Artificial intelligence is getting some better perspective. Like a person who can read someone else’s penmanship without studying lots of handwriting samples, next-gen image recognition AI can more easily identify familiar sights in new situations.
Made from a new type of virtual building block called capsules, these programs may cut down the enormous amount of data needed to train current image-identifying AI. And that could boost such technology as machine-made medical diagnoses, where example images may be scarce, or the responsiveness of self-driving cars, where the view is constantly shifting. Researchers with Google will present this new version of an artificial neural network at the Neural Information Processing Systems conference in Long Beach, Calif., on December 5.
Neural networks are webs of individual virtual nerve cells, or neurons, that learn to pick out objects in pictures by studying labeled example images. These networks largely classify pictures based on whether they contain certain features. For instance, a program trained on a series of head shots might conclude that a face has two eyes, a nose and a mouth. Show that program a face in profile with only one eye visible, though, and it may not recognize the photo as a face, explains Roland Memisevic, a computer scientist at the University of Montreal who was not involved in the work.
To overcome that limitation, researchers can train a neural network on millions of photos from myriad angles, and the program memorizes all the different ways a face might look. Compared with the human brain, which doesn’t need anywhere near a million examples to know what a face looks like, this system is wildly inefficient. “It’s a disaster,” Memisevic says. “Capsules try to fix that.”
Instead of webs of individual artificial neurons, these new programs have webs of clusters of neurons, called capsules. These teams of neurons can provide more information than one neuron by itself. Each capsule is designed to track not only whether a certain feature is in an image, but also properties of that feature — say, a nose’s size, orientation and position. This spatial awareness helps the program better recognize objects in previously unseen scenarios.

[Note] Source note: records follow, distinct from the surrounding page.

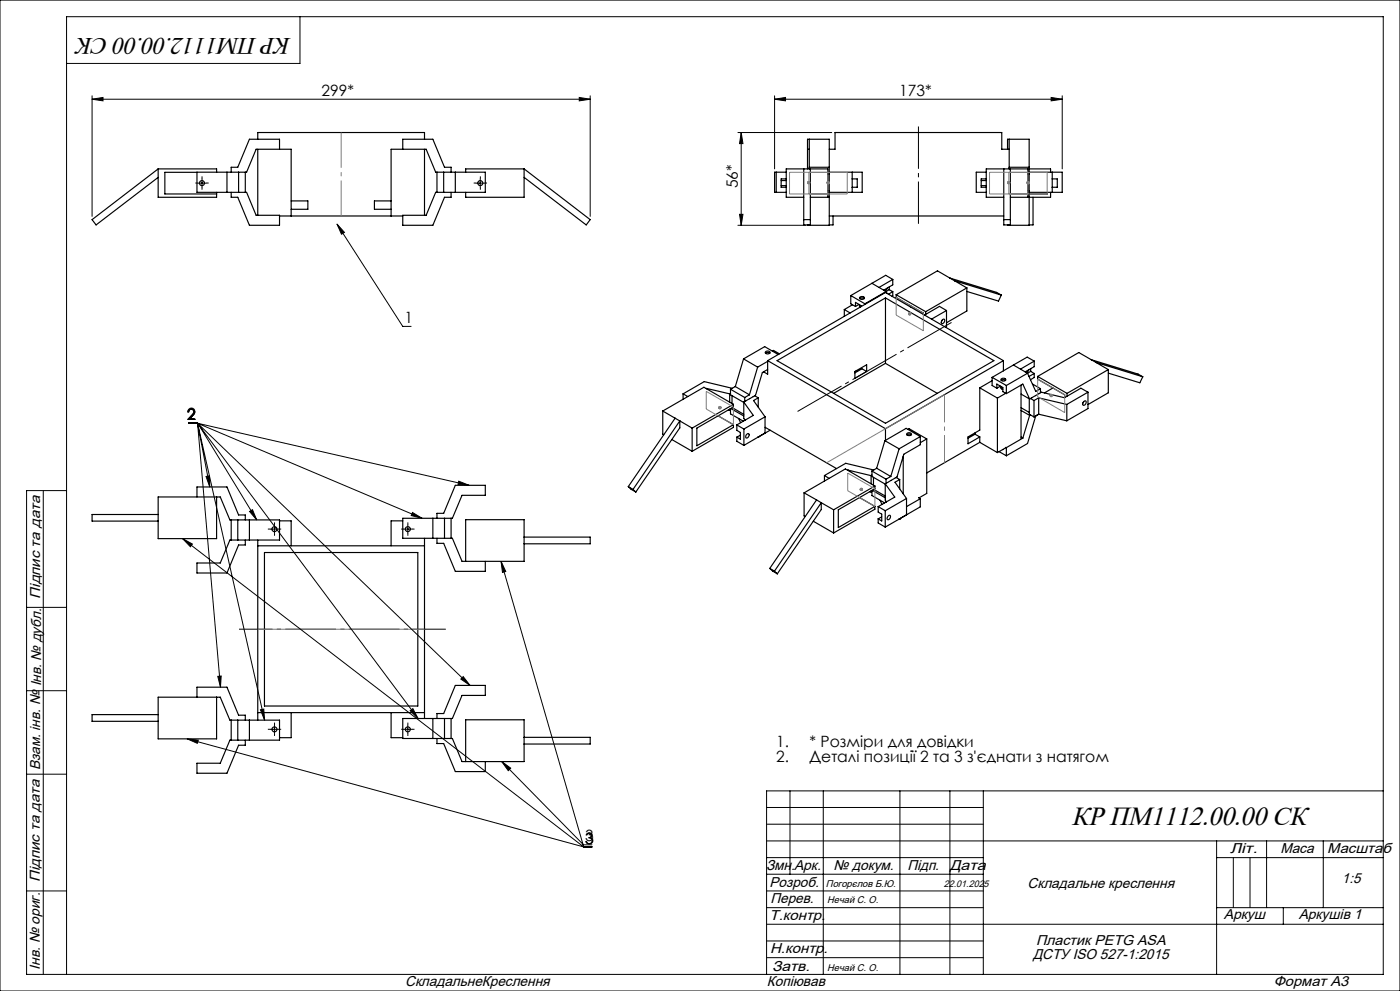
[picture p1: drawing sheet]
<svg xmlns="http://www.w3.org/2000/svg" width="420mm" height="297mm" viewBox="0 0 420 297" stroke-linecap="round" stroke-linejoin="round" font-family="sans-serif">
<g fill="none" stroke="#000" stroke-width=".35">
<path d="M47.4 50.6v8.5h17.6v-1.5M47.4 50.6h17.6v1M47.4 50.6l-19.8 15.2 1.2 1.6 18.6-14.2M59.1 51.6h-9.6v6.5h15.5M68.1 51.6v6M69.4 57.6v1.5h1.9l3.5 8.4h9.1v-3h-7.1l-2.8-6.9h-14.9v-6h14.9l2.8-6.9h10.5v20M71.6 51.6v6M73.6 51.6v6M77.3 41.7v-2h50.1v2M77.3 44.7v19.8M83.9 44.7v-3h-9.1l-3.5 8.4h-1.9v1.5M120.8 44.7v-3h9.1l3.4 8.4h2v1.5"/>
<path d="M127.4 44.7v19.8M131.1 51.6v6M133.1 51.6v6M135.3 57.6v1.5h-2l-3.4 8.4h-9.1v-3h7l2.9-6.9h14.9v-6h-14.9l-2.9-6.9h-10.5v20M136.6 51.6v6M157.2 50.6v8.5h-17.5v-1.5M157.2 50.6h-17.5v1M157.2 50.6l19.9 15.2-1.2 1.6-18.7-14.2M232.9 51.6v6M234.4 54.1h1.5M234.4 55.6h1.5M235.9 51.6h-3.5v6h3.5"/>
<path d="M235.9 53.6h-1.5v2.5h1.5M241.1 59.1h-5.2v-8.5h12.5v8.5M241.1 50.6v16.8h2v-16.8M242.3 50.6v-8.9h6.5v25.8l-6.5-.1M242.3 44.7h.5M242.8 50.1h6M242.8 41.7v8.9M243.1 59.1h5.7M248.4 52.1h.4M248.4 57.1h.4M248.8 51.6h9.9v6h-9.9M248.8 44.7h1.7v-5h50v5h2.3"/>
<path d="M255.7 53.6h1.5v2.5h-1.5M255.7 51.6v6M294.4 54.1h1.5M294.4 55.6h1.5M295.9 51.6h-3v6h3M295.9 53.6h-1.5v2.5h1.5M301.1 59.1h-5.2v-8.5h12.5v8.5M301.1 50.6v16.8h2v-16.8M302.3 44.7v-3h6.5v25.8l-6.5-.1M302.8 50.1h6M302.8 41.7v8.9M308.4 52.1h.4"/>
<path d="M308.4 57.1h.4M308.8 50.6h6.4v1M308.8 51.6h9.9v6h-9.9M309.9 59.1v8.3h-1.1M314.1 57.6v.5h-5.3M315.2 57.6v1.5h-12.1M315.7 53.6h1.5v2.5h-1.5M315.7 51.6v6M83.9 64.7h36.9M87.3 60.2h5.1v2.5h-5.1M117.3 60.2h-5v2.5h5M241.1 65.8h2"/>
<path d="M242.8 67.4v.1M248.8 64.7h52.3M249.9 64.7v2.7h-1.1M301.1 65.8h2M302.8 67.4v.1M253.3 92.8l1.8 1M253.3 92.8v2M255.2 88.6l4.3 2.4M255.2 88.6v2.4l1.4 .9M255.8 91.3l-2.5 1.5M256.6 91.9v-1.3l1.8 1v.3M257.7 91.2l-1.1 .7"/>
<path d="M257.8 91.3l.3 .8M257.9 89.1a.78 .78 0 0 1 .8-.3 .78 .78 0 0 1 .6 .7 .78 .78 0 0 1-.8 .3 .78 .78 0 0 1-.6-.7zM257.9 89.5l.7-.2 .7 .2M259.5 91v.2M261.6 84.9l4.2 2.5M265.6 89.3v19.6M265.8 87.4l-6.3 3.6M265.8 87.4l.3 .5M266.2 86.3a.63 .63 0 0 1-.3 .7 .63 .63 0 0 1-.7-.1M266.8 86.8l-1 .6M266.8 86v.8M266.8 86.8l1 .6"/>
<path d="M267.8 83.7l-4.1 2.4M267.8 83.7l-2.1-1.2-10.5 6.1M267.8 87.4l-1.3 .8M267.8 83.7v1.7l-2.7 1.6M267.8 87.4v1.2l-.2 .2M268.9 88.3v.8l8.1 4.7v.4M268.9 88.3l8.8 5.1M273.4 91.8l-.3 .2M277.7 93.4v.8M282.7 95.9l-.3 .4M282.9 95.7l.2-.1a.69 .69 0 0 1 .2 .9 .69 .69 0 0 1-.9 .3l.1-.7zM284 93.1l-2.2-1.3-4.4 2.6"/>
<path d="M284 93.1l-4.5 2.5M284 93.1v4.9l-.3 .1M284.9 83.3l1.4 .8M284.9 83.3l-3.7-2.1-12.3 7.1M284.9 83.3l14.1 4.3 1.4 .8M286.3 84.1l3.8 2.2M286.3 84.1l14.1 4.3M290.1 86.3l-12.4 7.1M290.1 86.3v6.9l-6.1 3.5M290.1 87.3l9.4 2.9 .9-1.8M204.9 118l1.4 .8M204.9 118v1.7"/>
<path d="M212 116.4l6.9 1.6M212 116.4h-.1M212 116.4v.1M218.9 118v2.5M219.1 117.9l-.2 .1M219.1 116.7l4.3 2.4M219.1 116.7v1.6l4 2.3M219.6 118.6v2.3M219.7 116.4l-8.4-2-6.4 3.6M220.6 115.8l4.2 2.5M220.6 115.8l-1.5 .9M223.1 107.6l4.2 2.4"/>
<path d="M223.1 107.6l-2.5 8.2M223.4 119.1v1.3M224.8 118.3l-1.4 .8M226.4 118.6l1.1 .6M227.3 110l-2.5 8.3M227.5 119.2l-1.4 .8 3.4 4.9M227.5 119.2v2.8M229.6 105.8l.7-.2 .7 .2M229.8 105.3l.5-.1 .7 .3a.69 .69 0 0 1-.7 .6 .69 .69 0 0 1-.7-.6zM230.3 110.7l-1.6 1-2 6.8-3.6 2M230.3 108.3l-3 1.7M230.3 108.1v4l-1.2-.7"/>
<path d="M230.3 108.1l35.3 20.4M230.3 108.1l35.3-20.4 35.4 20.4M231.7 105.2l.4-.2 1.7 1M233.1 108.1l32.5-18.8 32.6 18.8-32.6 18.8zM233.5 106.3l-4.1-2.4-6.3 3.7M256.5 111.3l3.5-2v2l-3.5 2.1zM256.8 111.2l.4 .1M260 111.3l-1.4-.8-2.1 1.3M265.6 108.9l-15.5 9M265.6 108.9l15.6 9M293.9 116.2v12.7l-3.5 2v2.1l3.5-2.1M293.9 116.2l5.3 3.1"/>
<path d="M297.6 113.1l4.3 2.4M297.6 113.1v2.4l1.4 .8M297.6 114.1l-3.7 2.1M299 116.3v-1.2l1.8 1v1.3l1.1 .6M299.2 119.3v16.3M300.1 115.7l-1.1 .6M300.2 115.8l.1 .6 .5 .3M300.3 113.6a.75 .75 0 0 1 .8-.3 .75 .75 0 0 1 .6 .6 .75 .75 0 0 1-.8 .4 .75 .75 0 0 1-.6-.7zM300.4 114l.6-.2 .7 .2M301 108.1l-35.4 20.4M301 108.1v3.1M301.7 117.9l-2.5 1.4"/>
<path d="M301.9 115.5v2.5M301.9 118l4.9-2.9 2.1 4.5M304 109.4l-6.4 3.7M304 109.4l4.3 2.5M306.3 118.1l2.6 1.5M306.3 115.4v16M308.3 111.9l-6.4 3.6M308.3 111.9l2.4 5.4 1.4-.8M308.6 110.8l-.4 .7-.5-.1M308.8 119.5v4.6l1.4 .9M309.1 119.4l1.1 .6M309.2 111.3l-.9 .6"/>
<path d="M309.2 110.5v.8M309.2 111.3l1.1 .6M309.7 115.1l2.4 1.4M310.3 108.2l-4.2 2.4M310.3 108.2l-2.1-1.2-4.2 2.4M310.3 111.9l-1.6 .9M310.3 108.2v1.7l-2.7 1.5M310.3 111.9v1.2l-1.2 .7M311.3 112.8l8.8 5.1M311.3 112.8v.8l8.1 4.7v.8M311.6 119.2l8.4 2M311.6 119.2l-1.4 .8"/>
<path d="M311.6 119.2v4.9M312.1 116.5v1.2M315.9 116.3l-2.6 1.5M320.1 117.9v.8M326.4 117.5l-2.1-1.2-5 2.9-6.9-1.7-3.5 2.1M326.4 117.5l-6.4 3.7M326.4 117.5v4.9l-6.4 3.7M327.4 107.8l1.4 .8M327.4 107.8l-3.8-2.1-12.3 7.1M327.4 107.8l14 4.3 1.4 .8M328.8 108.6l3.7 2.2M328.8 108.6l14 4.3"/>
<path d="M332.5 110.8l-12.4 7.1M332.5 110.8v6.9l-6.1 3.5M332.5 111.8l9.4 2.9 .9-1.8M198.8 123.2l3.7 2.1M198.8 123.2v6.9l.3 .2M201.5 131.7l6.1 3.6M202.5 125.3l-14 20.5M202.5 125.3l1.4 .8M203.9 126.1l-14 20.6M203.9 126.1v2.1l-13.2 19.3M203.9 126.1l3.7 2.2M207.6 128.3v7"/>
<path d="M215.4 124.6l4.6 2.7M218.5 122.9h.4M218.9 122.6v.3M219.1 122.8l-.2 .1M219.1 122.5v1.5l3.9 2.2M219.3 122.4l3.8 2.3M219.7 122.2l3.4 2M220 121.2l-8.8-5.1-12.4 7.1M220 127.3v.8l-12.4 7.2M220 121.2l-12.4 7.1M220 121.2v.8l-10.9 6.3v5.3l10.9-6.3M221.1 127.3l2.1 1.3"/>
<path d="M221.1 131v1.3l2.1 1.2M221.1 127.3v1.7l1 .6v2l-1-.6M221.6 125.4l.6 1.3M222.1 130.4l-1 .6M223.1 120.5l2.9 4-4.9 2.8M223.1 120.5v4.9l.4 .5M223.2 128.6v4.9M223.4 125.8v.2M224 130.2l.4-.3a.71 .71 0 0 1 .2 .9 .71 .71 0 0 1-.9 .3zM227.3 131.1h.1M229.5 124.9l-6.3 3.7M229.5 124.9v4.9l-6.3 3.7"/>
<path d="M229.5 128.1l21.5 12.3M231 128.9l-3.7 2.2M265.5 132.1l4.2 2.4M265.5 132.1l-2.5 8.2M265.6 128.5v3.5M269.7 134.5l-2.5 8.3M271 136.7v11.3M272 130a.75 .75 0 0 1 .8-.4 .75 .75 0 0 1 .6 .7 .76 .76 0 0 1-.8 .3 .76 .76 0 0 1-.6-.6zM272.1 130.3l.6-.2 .7 .2M272.4 128.7l.3-.2 5.3 3M276.1 130.8v2.5l-5 2.8-2 6.8-3.5 2.1M276.1 130.8l-6.4 3.7"/>
<path d="M276.1 130.8l-4.2-2.4-6.4 3.7M278 131.5l-1.9 1.2M278 131.5v16.4l-2.3 1.3M292.5 130.1l1.4 .8M292.5 129.7v.4M292.5 130.1l-2.1 1.2M293.9 130.9v1.7M293.9 132.6l-15.9 9.1M293.9 132.6l5.3 3M299.7 135.4l2.2 1.2M300.8 134.7v.1M301.7 134.1l.2 .1"/>
<path d="M301.7 134.2l-2.5 1.4M301.9 134.2v2.4M306.3 122.2l2.5 1.4M306.3 131l.5 .3M306.3 123l2.6 1.5M306.8 131.3l-4.9 2.9M308.9 124.5l-2.1 6.8M309.1 124.3l-.2 .2M310.2 120v5M311.6 124.1l-.9 .5-2.4 8.3-6.4 3.7M311.6 124.1l8.4 2M311.6 124.1l-1.4 .9"/>
<path d="M320 121.2v4.9M325.1 120.4l-.3 .4M325.1 120.4l.4-.3a.7 .7 0 0 1 .2 .9 .7 .7 0 0 1-.9 .3zM47.4 154.2h-19.8v2h19.8M59.1 148.9v-3h9l3.5 8.4h2v1.5M65 148.9v12.5h-17.6v-12.5h18.7l2.9 6.9h14.9v6.1h-14.9l-2.9 6.8h-7v3h9l3.5-8.4h2v-1.4M69.4 155.8v6.1M71.3 155.8v6.1M74.8 155.8v6.1M83.9 156.1h3.4v7.5M120.8 156.1h-3.5v7.5M129.9 155.3v6"/>
<path d="M131.1 155.3v-1.5h2l3.5-8.4h9v3h-7l-2.9 6.9h-14.9v6h14.9l2.9 6.9h18.6v-12.5h-17.5v12.5M133.4 155.3v6M135.3 155.3v6M188.5 145.8l1.4 .9M188.5 145.8l.8 .8 1.4 .9M189.9 146.7l.8 .8M241.2 147.7l3.8 2.1M241.2 147.7v6.9l.3 .2M244 156.2l6.1 3.5M245 149.8l-14.1 20.6M245 149.8l1.4 .9M246.4 150.7l-14.1 20.5"/>
<path d="M246.4 150.7v2l-13.2 19.3M246.4 150.7l3.7 2.1M247.3 142.5l1.4 .9M247.3 142.5v1.7M250.1 152.8v6.9M254.4 140.9l6.9 1.7M254.4 140.9l-.1 .1M254.4 140.9v.1M257.8 149.1l4.7 2.7M260.9 147.4l.4 .1M261.3 142.6v2.4M261.3 147.1v.4"/>
<path d="M261.6 141.2l4.2 2.4M261.6 141.2v1.6l4 2.3M261.6 147v1.5l3.8 2.2M261.6 142.4l-.3 .2M261.6 147.3l-.3 .2M261.7 146.9l3.9 2.3M262 143v2.4M262.1 146.7l3.5 2M262.1 140.9l-8.4-2.1-6.4 3.7M262.5 145.7l-8.9-5.2-12.4 7.2M262.5 145.7l-12.4 7.1M262.5 151.8v.8l-12.4 7.1"/>
<path d="M262.5 145.7v.8l-11 6.3v5.3l11-6.3M263 140.3l4.2 2.5M263 140.3l-1.4 .9M263.5 151.8l2.1 1.3M263.5 155.5v1.2l2.1 1.3M263.5 151.8v1.7l1 .6v2l-1-.6M264 149.9l.6 1.3M264.5 154.9l-1 .6M265.6 145l2.8 4-4.9 2.8M265.6 145v4.9l.3 .5M265.6 153.1v4.9M265.8 143.6v1.2"/>
<path d="M265.8 150.3v.2M266.5 154.7l.3-.3a.69 .69 0 0 1 .2 .9 .69 .69 0 0 1-.8 .3zM267.2 142.8l-1.4 .8M268.9 143.1l1 .6M269.7 155.6h.1M269.9 143.7l-1.4 .8 3.5 4.9M269.9 143.7v2.8M272 149.4l-6.4 3.7M272 149.4v4.9l-6.4 3.7M275.6 149.2l.5 .3M276.1 149.5l-4.1 2.3M276.1 149.5v2.4l-6.4 3.7"/>
<path d="M77.3 161.9v53.9M77.3 163.6h50.1M79.3 165.6h46v46h-46zM127.4 161.3v54M131.1 161.3v1.5h2l3.5 8.4h9v-3M157.2 161h19.9v2h-19.9M230.9 170.4l1.4 .8M230.9 170.4l2.3 1.6M232.3 171.2l.9 .8M47.4 214.2h-19.8v2h19.8M59.1 208.9v-3h9l3.5 8.4h2v1.5M65 208.9v12.5h-17.6v-12.5h18.7l2.9 6.9h14.9v6h-14.9l-2.9 6.9h-7v3h9l3.5-8.4h2v-1.5"/>
<path d="M69.4 215.8v6M71.3 215.8v6M74.8 215.8v6M77.3 213.6h50.1M87.3 213.6v7.5h-3.4M117.3 213.6v7.5h3.5M129.9 215.3v6M131.1 215.3v-1.4h2l3.5-8.5h9v3h-7l-2.9 6.9h-14.9v6h14.9l2.9 6.9h18.6v-12.5h-17.5v12.5M133.4 215.3v6M135.3 215.3v6M131.1 221.3v1.5h2l3.5 8.4h9v-3M157.2 221h19.9v2h-19.9"/>
<circle cx="60.6" cy="54.9" r=".76"/>
<circle cx="144.1" cy="54.9" r=".75"/>
<circle cx="82.3" cy="158.6" r=".75"/>
<circle cx="122.3" cy="158.6" r=".74"/>
<circle cx="82.3" cy="218.6" r=".75"/>
<circle cx="122.3" cy="218.6" r=".74"/>
</g>
<g fill="none" stroke="#000" stroke-width=".3">
<path d="M0 0h420v297h-420zM90 5v14h-70M27.6 29.7l3.3-.5v1zM27.6 29.7h149.5M27.6 28.7v36.1M173.8 29.2l3.3 .5-3.3 .5zM177.1 28.7v36.1M221.4 39.7h28.1M222.4 39.7l.5 3.3h-1zM222.4 39.7v27.8M232.4 29.7l3.3-.5v1zM232.4 28.7v21.9"/>
<path d="M232.4 29.7h86.3M315.3 29.2l3.4 .5-3.4 .5zM318.7 28.7v21.9M59.3 54.9h2.5M60.6 53.6v2.5M142.8 54.9h2.5M144.1 53.6v2.5M101.1 67.2l2.2 2.4-.9 .6zM101.1 67.2l19.7 30.6h2.5M221.4 67.5h20.4M221.9 64.2h1l-.5 3.3zM56.6 126.7h2.7l17.7 29.1"/>
<path d="M56.6 126.9h2.7M59.3 126.9l3.6 19M59.3 126.9l6.8 79M59.3 126.9l20.1 88.9M59.3 126.9l81.7 78.5M59.3 126.9l66.1 88.4M59.3 126.9l81.4 18.5M59.3 126.9l67.3 28.4M13 147v145M20 147h-12v145h407v-287h-395v287M61.8 142.8l1-.2 .1 3.3zM74.9 153.3l.8-.6 1.3 3.1z"/>
<path d="M81.1 158.6h2.5M82.3 157.3v2.5M121.1 158.6h2.5M122.3 157.3v2.5M123.8 153.6l2.8 1.7-3.2-.8zM137.6 144.2l3.1 1.2-3.3-.2zM54.8 161.4l120.3 92.4M54.8 161.4l2.9 1.7-.6 .8zM150.3 168.2l1.4 3.1-1 .3zM150.3 168.2l24.8 85.6M8 182h12M8 207h12"/>
<path d="M65.3 202.7l1.1-.1-.3 3.3zM78.1 212.7l1-.2 .3 3.3zM81.1 218.6h2.5M82.3 217.3v2.5M121.1 218.6h2.5M122.3 217.3v2.5M123 213l.9-.6 1.5 2.9zM139 202.8l2 2.6-2.7-1.9zM8 232h12M56.2 221.4l3.3 .4-.3 1zM56.2 221.4l118.9 32.4M150.5 228.2l24.5 25h2.6"/>
<path d="M150.5 228.2l2.7 2-.7 .8zM237 237v25M247 237v55M270 237v55M285 237v55M295 237v55M415 237h-185v55M175.1 253.8h2.5M230 257h65M230 242h65M230 247h65M365 257h50"/>
<path d="M365 252v40M370 257v15M375 257v15M380 252v20M397 252v20M415 252h-185M8 267h12M230 262h65M230 267h65M230 272h65M365 272h50M385 272v5"/>
<path d="M415 277h-185M230 282h65M230 287h65"/>
</g>
<g fill="none" stroke="#808080" stroke-width=".3">
<path d="M236.9 51.6h17.3v6.5h-17.3zM242.1 54.7h1M242.3 54.4l.7 .7M242.6 54.3v.9M242.7 51.6v6.5M243 54.4l-.7 .7M247.9 54.7h1M248.1 54.4l.7 .7M248.4 51.6v6.5M248.4 54.3v.9M248.8 54.4l-.7 .7M296.9 51.6h17.2v6.5h-17.2z"/>
<path d="M302.1 54.7h1M302.3 54.4l.7 .7M302.6 51.6v6.5M303 54.4l-.7 .7M307.9 54.7h1M308 54.4l.8 .7M308.4 51.6v6.5M308.8 54.4l-.8 .7M268.9 89.1l8.1 4.7v5.3l-8.1-4.7zM272.4 94h1M272.6 93.7l.7 .7M272.9 93.5v1"/>
<path d="M273.3 93.7l-.7 .7M211.9 117.3l8.1 4.7v5.3l-8.1-4.7zM283.3 118.3l-35.3 20.4M311.3 113.6l8.1 4.7v5.3l-8.1-4.7zM314.9 118.5h.9M315 118.2l.7 .7M315.3 118v1M315.7 118.2l-.7 .7M215.5 122.2h1M215.6 121.8l.7 .7M216 121.7v1M216.3 121.8l-.7 .7"/>
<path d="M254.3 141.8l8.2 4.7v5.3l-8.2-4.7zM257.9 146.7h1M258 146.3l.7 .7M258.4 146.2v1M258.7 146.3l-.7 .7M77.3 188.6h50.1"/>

A capsule-containing network trained on head shots could see a face in profile and deduce — based on the appearance of the visible eye, nose and mouth — that the other eye is simply obscured, and the picture depicts a face. Since capsule networks are better at applying what they know to new situations, these neural networks need less training data to achieve the same performance as their predecessors, says Sara Sabour, a computer scientist with Google Brain in Toronto.
Sabour and her colleagues trained one capsule network on images of handwritten numbers and tested it on pictures where each number was slightly distorted. The capsule network recognized the warped images with 79 percent accuracy; a typical neural network trained on the same amount of data only got 66 percent right.
In another experiment, Sabour and colleagues trained a similar capsule network on tens of thousands of photos of toys, and then asked it to recognize the toys from new viewpoints. In this challenge, reported in a paper submitted to the 2018 International Conference on Learning Representations in Vancouver, the capsule network was wrong only about 1.4 percent of the time. A conventional neural network made almost twice as many errors.